A ton of articles this week on a new Pew
that shows a dramatic drop in the number of people self-identifying as Christian. From
2007 and 2014. Catholics have lost 3 million people since 2007, in spite of an influx of immigrants from Catholic countries.
But the drop in religious affiliation in the young is especially worrisome:
Younger adults have been particularly likely to join the unaffiliated in recent years. In 2007, 25 percent of 18-to-26-year-olds were unaffiliated; now 34 percent of the same cohort is unaffiliated.
One in three young people have joined the "nones" -- those who profess no religion.
As the dad of two young men, it's not hard to imagine why people would shun the church. It's a place that worships ugliness -- dismissal of women and exclusion of gays being high on the list. It is clueless about human sexuality, offering little more than ancient and bizarre nostrums that don't tally with the lived experience of young people -- or older ones, for that matter. To be against birth control, when the alternative is a house full of kids living in poverty, seems downright perverse. To continue issuing blanket condemnations of abortion -- even when women die as a result -- seems monstrous.

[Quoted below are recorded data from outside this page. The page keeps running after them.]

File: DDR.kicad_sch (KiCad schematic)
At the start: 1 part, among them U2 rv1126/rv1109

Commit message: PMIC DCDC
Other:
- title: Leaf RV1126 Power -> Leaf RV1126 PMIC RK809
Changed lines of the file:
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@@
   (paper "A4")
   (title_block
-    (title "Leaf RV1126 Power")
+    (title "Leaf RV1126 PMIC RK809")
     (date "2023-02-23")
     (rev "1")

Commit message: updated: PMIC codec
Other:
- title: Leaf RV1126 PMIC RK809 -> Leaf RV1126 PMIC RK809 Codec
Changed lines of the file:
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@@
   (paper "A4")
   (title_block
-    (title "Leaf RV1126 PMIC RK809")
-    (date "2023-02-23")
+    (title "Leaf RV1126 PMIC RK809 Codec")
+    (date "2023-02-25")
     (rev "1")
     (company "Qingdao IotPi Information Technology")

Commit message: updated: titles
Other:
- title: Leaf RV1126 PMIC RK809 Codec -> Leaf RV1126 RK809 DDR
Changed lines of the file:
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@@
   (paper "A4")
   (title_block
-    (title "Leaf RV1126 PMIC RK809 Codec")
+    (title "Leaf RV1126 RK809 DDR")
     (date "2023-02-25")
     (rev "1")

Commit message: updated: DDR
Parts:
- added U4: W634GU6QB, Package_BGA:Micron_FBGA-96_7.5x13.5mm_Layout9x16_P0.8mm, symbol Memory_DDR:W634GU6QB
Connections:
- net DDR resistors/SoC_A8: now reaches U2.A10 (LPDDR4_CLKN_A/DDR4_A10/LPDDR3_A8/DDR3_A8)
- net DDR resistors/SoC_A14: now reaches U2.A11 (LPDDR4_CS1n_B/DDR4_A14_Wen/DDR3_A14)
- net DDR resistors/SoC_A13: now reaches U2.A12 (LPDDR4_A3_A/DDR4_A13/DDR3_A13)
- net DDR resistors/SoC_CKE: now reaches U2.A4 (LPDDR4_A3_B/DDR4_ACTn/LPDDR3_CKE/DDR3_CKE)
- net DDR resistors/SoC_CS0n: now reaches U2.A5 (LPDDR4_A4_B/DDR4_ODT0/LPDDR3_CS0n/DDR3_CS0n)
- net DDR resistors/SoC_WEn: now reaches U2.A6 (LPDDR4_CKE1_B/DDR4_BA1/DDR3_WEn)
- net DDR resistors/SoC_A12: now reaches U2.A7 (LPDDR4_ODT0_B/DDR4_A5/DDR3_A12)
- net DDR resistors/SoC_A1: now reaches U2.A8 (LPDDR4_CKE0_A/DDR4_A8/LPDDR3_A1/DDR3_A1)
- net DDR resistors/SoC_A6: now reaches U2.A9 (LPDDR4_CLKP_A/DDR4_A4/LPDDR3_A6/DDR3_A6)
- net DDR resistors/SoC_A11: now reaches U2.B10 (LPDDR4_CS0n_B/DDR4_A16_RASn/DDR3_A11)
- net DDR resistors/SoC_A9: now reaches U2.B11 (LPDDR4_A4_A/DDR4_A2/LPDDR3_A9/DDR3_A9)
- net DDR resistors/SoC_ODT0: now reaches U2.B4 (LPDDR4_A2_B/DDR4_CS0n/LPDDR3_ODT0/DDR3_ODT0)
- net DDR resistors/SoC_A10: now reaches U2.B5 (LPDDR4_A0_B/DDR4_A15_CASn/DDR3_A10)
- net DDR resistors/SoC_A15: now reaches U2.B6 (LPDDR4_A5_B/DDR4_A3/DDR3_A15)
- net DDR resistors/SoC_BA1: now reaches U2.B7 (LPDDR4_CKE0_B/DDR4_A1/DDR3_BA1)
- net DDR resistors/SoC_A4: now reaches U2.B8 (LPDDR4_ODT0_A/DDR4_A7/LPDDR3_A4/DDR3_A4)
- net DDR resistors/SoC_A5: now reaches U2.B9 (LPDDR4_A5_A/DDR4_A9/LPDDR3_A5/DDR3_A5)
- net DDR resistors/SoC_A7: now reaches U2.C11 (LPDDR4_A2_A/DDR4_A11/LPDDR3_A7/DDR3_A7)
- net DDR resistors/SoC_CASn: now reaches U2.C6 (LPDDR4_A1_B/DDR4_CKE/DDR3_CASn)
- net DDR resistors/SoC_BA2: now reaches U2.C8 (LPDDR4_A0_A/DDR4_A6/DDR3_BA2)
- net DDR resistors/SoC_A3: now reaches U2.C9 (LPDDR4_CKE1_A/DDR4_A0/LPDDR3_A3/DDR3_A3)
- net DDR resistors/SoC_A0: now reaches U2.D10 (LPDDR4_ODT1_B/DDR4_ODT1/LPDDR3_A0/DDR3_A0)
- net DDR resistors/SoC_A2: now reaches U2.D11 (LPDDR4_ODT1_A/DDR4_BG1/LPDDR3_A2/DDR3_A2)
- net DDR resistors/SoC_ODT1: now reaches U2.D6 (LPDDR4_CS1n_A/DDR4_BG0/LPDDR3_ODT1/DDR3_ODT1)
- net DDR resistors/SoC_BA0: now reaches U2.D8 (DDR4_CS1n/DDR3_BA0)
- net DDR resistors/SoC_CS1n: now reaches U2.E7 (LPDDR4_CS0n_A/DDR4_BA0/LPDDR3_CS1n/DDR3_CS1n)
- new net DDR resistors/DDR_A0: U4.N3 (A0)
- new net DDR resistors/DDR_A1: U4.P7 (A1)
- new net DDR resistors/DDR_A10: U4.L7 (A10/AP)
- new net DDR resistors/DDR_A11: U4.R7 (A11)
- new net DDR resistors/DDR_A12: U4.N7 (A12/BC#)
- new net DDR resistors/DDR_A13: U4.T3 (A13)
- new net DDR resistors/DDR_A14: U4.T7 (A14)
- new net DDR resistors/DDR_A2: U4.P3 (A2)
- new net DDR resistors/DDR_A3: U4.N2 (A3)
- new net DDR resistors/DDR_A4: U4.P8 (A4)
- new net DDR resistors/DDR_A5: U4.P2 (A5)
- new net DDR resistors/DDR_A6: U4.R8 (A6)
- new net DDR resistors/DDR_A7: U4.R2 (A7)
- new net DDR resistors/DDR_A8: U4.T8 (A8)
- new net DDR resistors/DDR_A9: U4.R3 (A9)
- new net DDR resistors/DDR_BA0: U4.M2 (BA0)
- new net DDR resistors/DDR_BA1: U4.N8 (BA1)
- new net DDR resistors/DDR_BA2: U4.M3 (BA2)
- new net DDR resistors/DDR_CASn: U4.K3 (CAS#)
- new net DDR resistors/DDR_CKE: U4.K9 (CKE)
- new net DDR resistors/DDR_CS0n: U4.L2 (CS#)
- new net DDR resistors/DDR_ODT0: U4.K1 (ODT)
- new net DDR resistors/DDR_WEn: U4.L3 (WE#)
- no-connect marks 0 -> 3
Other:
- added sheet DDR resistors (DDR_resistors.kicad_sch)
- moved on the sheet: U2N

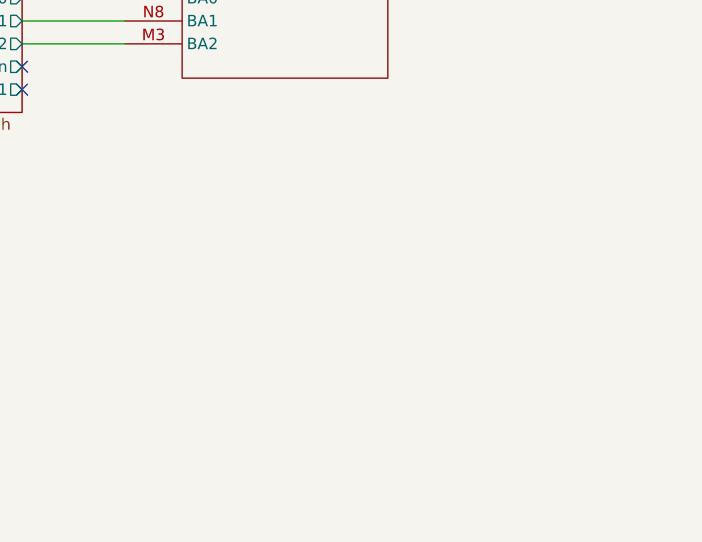
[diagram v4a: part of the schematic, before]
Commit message: added DDR Power
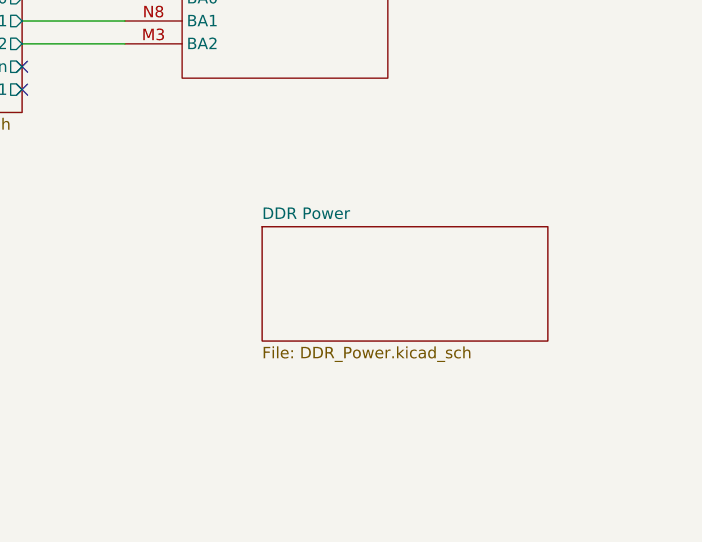
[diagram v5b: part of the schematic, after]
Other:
- added sheet DDR Power (DDR_Power.kicad_sch)
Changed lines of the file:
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@@
+    )
+  )
+  (sheet (at 232.41 127) (size 31.75 12.7) (fields_autoplaced)
+    (stroke (width 0.1524) (type solid))
+    (fill (color 0 0 0 0.0000))
+    (property "Sheetname" "DDR Power" (at 232.41 126.2884 0)
+      (effects (font (size 1.27 1.27)) (justify left bottom))
+    )
+    (property "Sheetfile" "DDR_Power.kicad_sch" (at 232.41 140.2846 0)
+      (effects (font (size 1.27 1.27)) (justify left top))
+    )
+    (instances
+      (project "leaf"
+        (path "/e3b58043-16a3-43c8-9fad-9c9784eebfa4/9453ad46-b3ff-4d4e-8aa6-7cc75aa0f522" (page "18"))
+      )
     )
   )

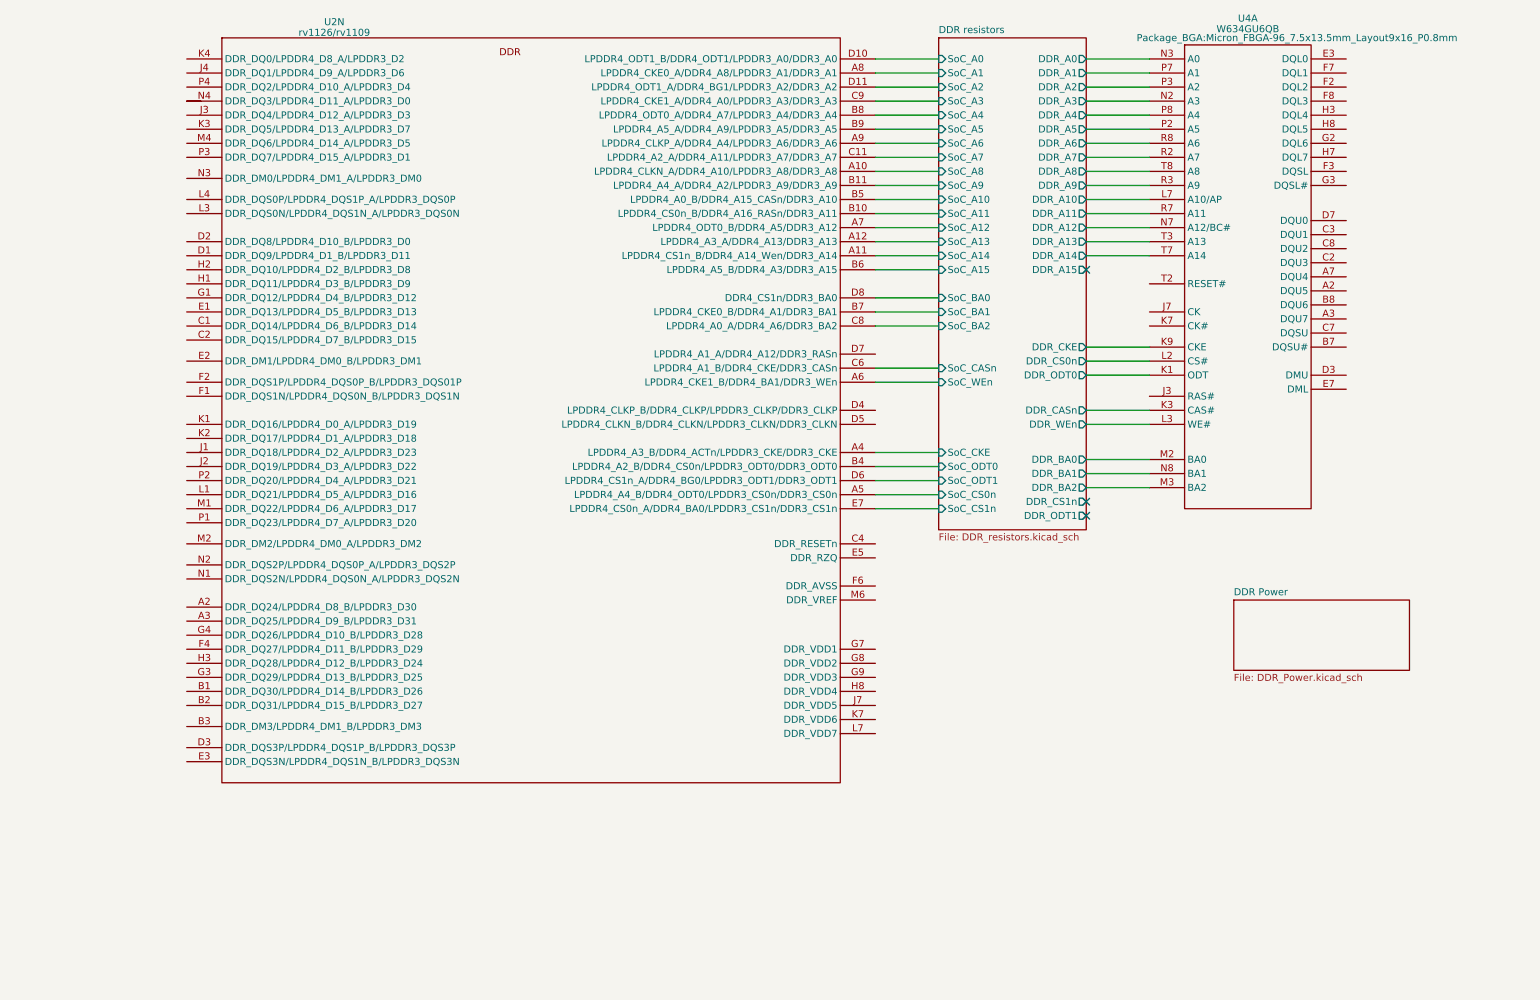
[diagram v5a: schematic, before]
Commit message: updated DDR data lines
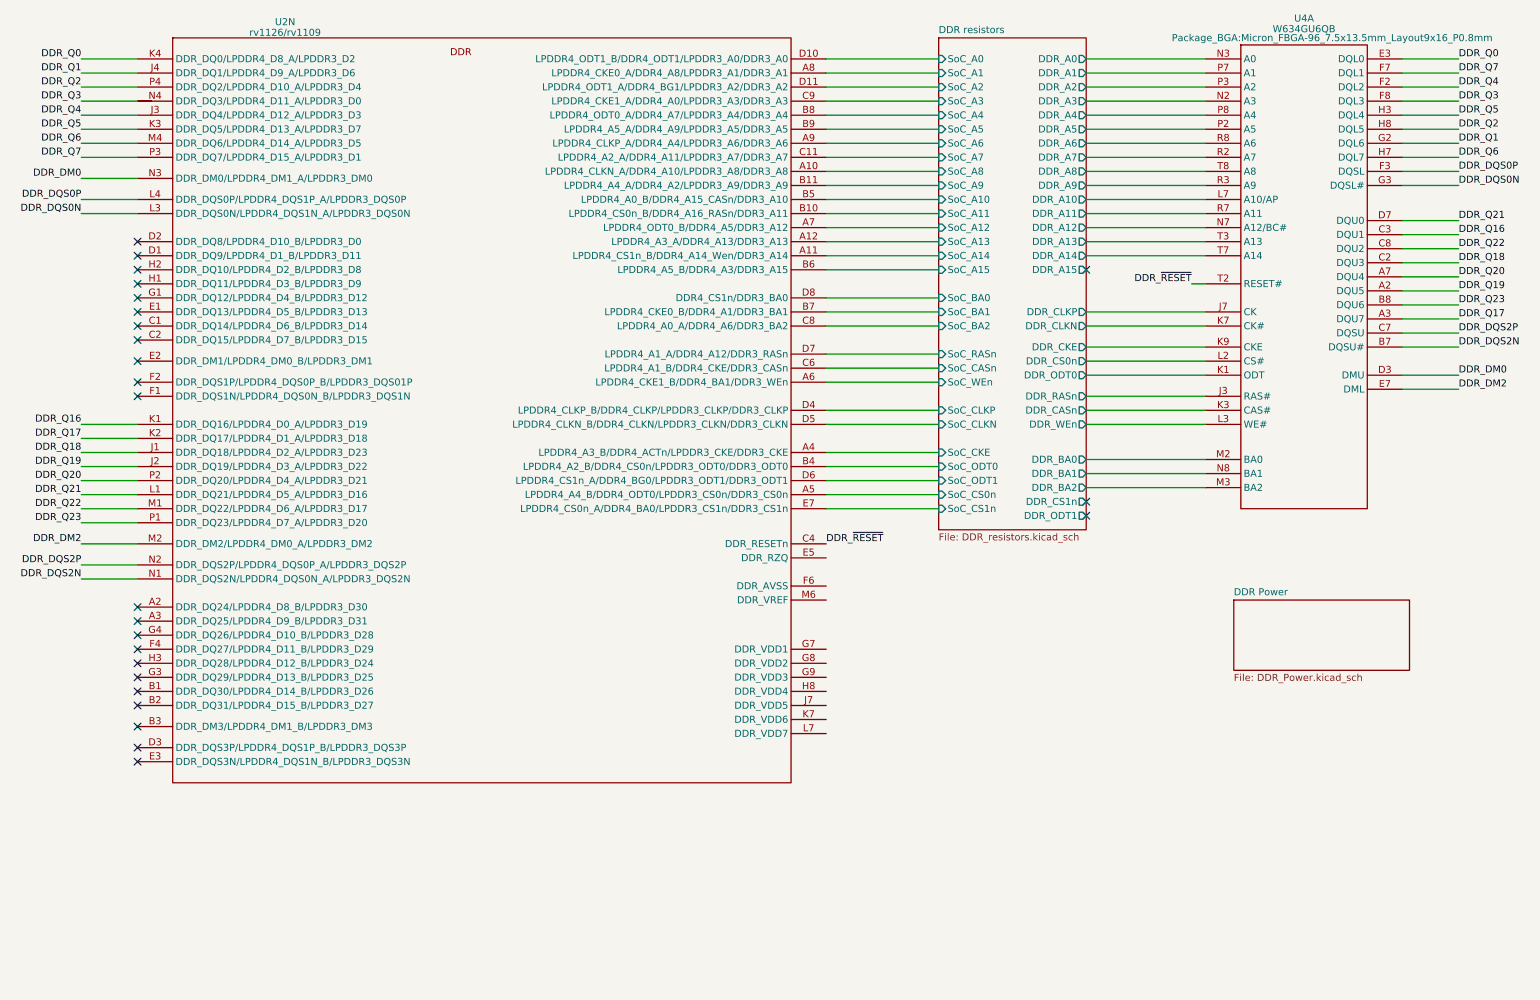
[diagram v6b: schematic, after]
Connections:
- net DDR_Q19: now reaches U4.A2 (DQU5)
- net DDR_Q19: now also U2.J2 (DDR_DQ19/LPDDR4_D3_A/LPDDR3_D22)
- net DDR_Q17: now reaches U4.A3 (DQU7)
- net DDR_Q17: now also U2.K2 (DDR_DQ17/LPDDR4_D1_A/LPDDR3_D18)
- net DDR_Q20: now reaches U4.A7 (DQU4)
- net DDR_Q20: now also U2.P2 (DDR_DQ20/LPDDR4_D4_A/LPDDR3_D21)
- net DDR_DQS2N: now reaches U4.B7 (DQSU#)
- net DDR_DQS2N: now also U2.N1 (DDR_DQS2N/LPDDR4_DQS0N_A/LPDDR3_DQS2N)
- net DDR_Q23: now reaches U4.B8 (DQU6)
- net DDR_Q23: now also U2.P1 (DDR_DQ23/LPDDR4_D7_A/LPDDR3_D20)
- net DDR_Q18: now reaches U4.C2 (DQU3)
- net DDR_Q18: now also U2.J1 (DDR_DQ18/LPDDR4_D2_A/LPDDR3_D23)
- net DDR_Q16: now reaches U4.C3 (DQU1)
- net DDR_Q16: now also U2.K1 (DDR_DQ16/LPDDR4_D0_A/LPDDR3_D19)
- net DDR_DQS2P: now reaches U4.C7 (DQSU)
- net DDR_DQS2P: now also U2.N2 (DDR_DQS2P/LPDDR4_DQS0P_A/LPDDR3_DQS2P)
- net DDR_Q22: now reaches U4.C8 (DQU2)
- net DDR_Q22: now also U2.M1 (DDR_DQ22/LPDDR4_D6_A/LPDDR3_D17)
- net DDR_DM0: now reaches U4.D3 (DMU)
- net DDR_DM0: now also U2.N3 (DDR_DM0/LPDDR4_DM1_A/LPDDR3_DM0)
- net DDR_Q21: now reaches U4.D7 (DQU0)
- net DDR_Q21: now also U2.L1 (DDR_DQ21/LPDDR4_D5_A/LPDDR3_D16)
- net DDR_Q0: now reaches U4.E3 (DQL0)
- net DDR_Q0: now also U2.K4 (DDR_DQ0/LPDDR4_D8_A/LPDDR3_D2)
- net DDR_DM2: now reaches U4.E7 (DML)
- net DDR_DM2: now also U2.M2 (DDR_DM2/LPDDR4_DM0_A/LPDDR3_DM2)
- net DDR_Q4: now reaches U4.F2 (DQL2)
- net DDR_Q4: now also U2.J3 (DDR_DQ4/LPDDR4_D12_A/LPDDR3_D3)
- net DDR_DQS0P: now reaches U4.F3 (DQSL)
- net DDR_DQS0P: now also U2.L4 (DDR_DQS0P/LPDDR4_DQS1P_A/LPDDR3_DQS0P)
- net DDR_Q7: now reaches U4.F7 (DQL1)
- net DDR_Q7: now also U2.P3 (DDR_DQ7/LPDDR4_D15_A/LPDDR3_D1)
- net DDR_Q3: now reaches U4.F8 (DQL3)
- net DDR_Q3: now also U2., U2.N4 (DDR_DQ3/LPDDR4_D11_A/LPDDR3_D0)
- net DDR_Q1: now reaches U4.G2 (DQL6)
- net DDR_Q1: now also U2.J4 (DDR_DQ1/LPDDR4_D9_A/LPDDR3_D6)
- net DDR_DQS0N: now reaches U4.G3 (DQSL#)
- net DDR_DQS0N: now also U2.L3 (DDR_DQS0N/LPDDR4_DQS1N_A/LPDDR3_DQS0N)
- net DDR_Q5: now reaches U4.H3 (DQL4)
- net DDR_Q5: now also U2.K3 (DDR_DQ5/LPDDR4_D13_A/LPDDR3_D7)
- net DDR_Q6: now reaches U4.H7 (DQL7)
- net DDR_Q6: now also U2.M4 (DDR_DQ6/LPDDR4_D14_A/LPDDR3_D5)
- net DDR_Q2: now reaches U4.H8 (DQL5)
- net DDR_Q2: now also U2.P4 (DDR_DQ2/LPDDR4_D10_A/LPDDR3_D4)
- net DDR resistors/DDR_RASn: now reaches U4.J3 (RAS#)
- net DDR resistors/DDR_CLKP: now reaches U4.J7 (CK)
- net DDR resistors/DDR_CLKN: now reaches U4.K7 (CK#)
- net DDR_~{RESET}: now reaches U4.T2 (RESET#)
- net DDR_~{RESET}: now also U2.C4 (DDR_RESETn)
- net DDR resistors/SoC_CLKP: now reaches U2.D4 (LPDDR4_CLKP_B/DDR4_CLKP/LPDDR3_CLKP/DDR3_CLKP)
- net DDR resistors/SoC_CLKN: now reaches U2.D5 (LPDDR4_CLKN_B/DDR4_CLKN/LPDDR3_CLKN/DDR3_CLKN)
- net DDR resistors/SoC_RASn: now reaches U2.D7 (LPDDR4_A1_A/DDR4_A12/DDR3_RASn)
- no-connect marks 3 -> 25
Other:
- sheet DDR resistors ports: added DDR_CLKN, DDR_CLKP, DDR_RASn, SoC_CLKN, SoC_CLKP, SoC_RASn; removed none
- moved on the sheet: U2N, U4A

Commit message: updated DDR
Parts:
- added C57 (x3): 100nF X5R 6.3V, Capacitor_SMD:C_0201_0603Metric, symbol Device:C
- added C57 (x3): 1uF X5R 6.3V, Capacitor_SMD:C_0402_1005Metric, symbol Device:C
- added C57: 10uF X5R 6.3V, Capacitor_SMD:C_0603_1608Metric, symbol Device:C
- added R22: 240R 1%, Resistor_SMD:R_0402_1005Metric, symbol Device:R
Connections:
- net DDR_RZQ: now reaches U2.E5 (DDR_RZQ)
- net DDR_RZQ: now also R22.1
- net VCC_DDR: now reaches U2.G7 (DDR_VDD1)
- net VCC_DDR: now also U2.G8 (DDR_VDD2), U2.G9 (DDR_VDD3), U2.H8 (DDR_VDD4), U2.J7 (DDR_VDD5), U2.K7 (DDR_VDD6), U2.L7 (DDR_VDD7), C57.1, C57.1, C57.1, C57.1, C57.1, C57.1, C57.1
- new net GND: C57.2, C57.2, C57.2, C57.2, C57.2, C57.2, C57.2, R22.2

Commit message: updated Power
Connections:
- net GND: now also U2.F6 (DDR_AVSS)
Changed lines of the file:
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@@
+    (stroke (width 0) (type default))
+  )
+  (wire (pts (xy 158.75 124.46) (xy 168.91 124.46))
     (stroke (width 0) (type default))
   )
@@
         )
       )
+    )
+  )
+  (symbol (lib_id "power:GND") (at 168.91 124.46 90) (unit 1)
+    (in_bom yes) (on_board yes) (dnp no) (fields_autoplaced)
+    (property "Reference" "#PWR057" (at 175.26 124.46 0)
+      (effects (font (size 1.27 1.27)) hide)
+    )
+    (property "Value" "GND" (at 172.085 124.7768 90)
+      (effects (font (size 1.27 1.27)) (justify right))
+    )
+    (property "Footprint" "" (at 168.91 124.46 0)
+      (effects (font (size 1.27 1.27)) hide)
+    )
+    (property "Datasheet" "" (at 168.91 124.46 0)
+      (effects (font (size 1.27 1.27)) hide)
+    )
+    (pin "1")
+    (instances
+      (project "leaf"
+        (path "/e3b58043-16a3-43c8-9fad-9c9784eebfa4/9453ad46-b3ff-4d4e-8aa6-7cc75aa0f522"
+          (reference "#PWR057") (unit 1)
+        )
+      )

To condemn entire nations and ethnic groups because of the God they believe in goes against the grain of tolerance and friendship that millennials have with people of different colors, beliefs, genders and sexualities.
Then again, the kids are following the church's teachings to their logical conclusions. If God is a loving Father, not a raging monster who throws his children into eternal flames, what's the need to placate him with worship and prayer? And then there is the ever-expanding reach and influence of science and technology. If it is the modern health care system -- with its stents, vaccines, transplants and bypasses -- that heals bodies and minds, what is the need for intercessory prayer to the saints? And what of Church as the primary teacher of morality? The kids might say "If even unreligious people are experienced as moral, what's the need for Sunday school and its blatherings about sin and the need for salvation?"
The Pew study should be another in a long series of wake-up calls. Religion, if it is to survive, needs to be more than about scaring people into goodness. This is the time for us to focus on the community, support and love that come from religious affiliation. Not on kicking people out of heaven.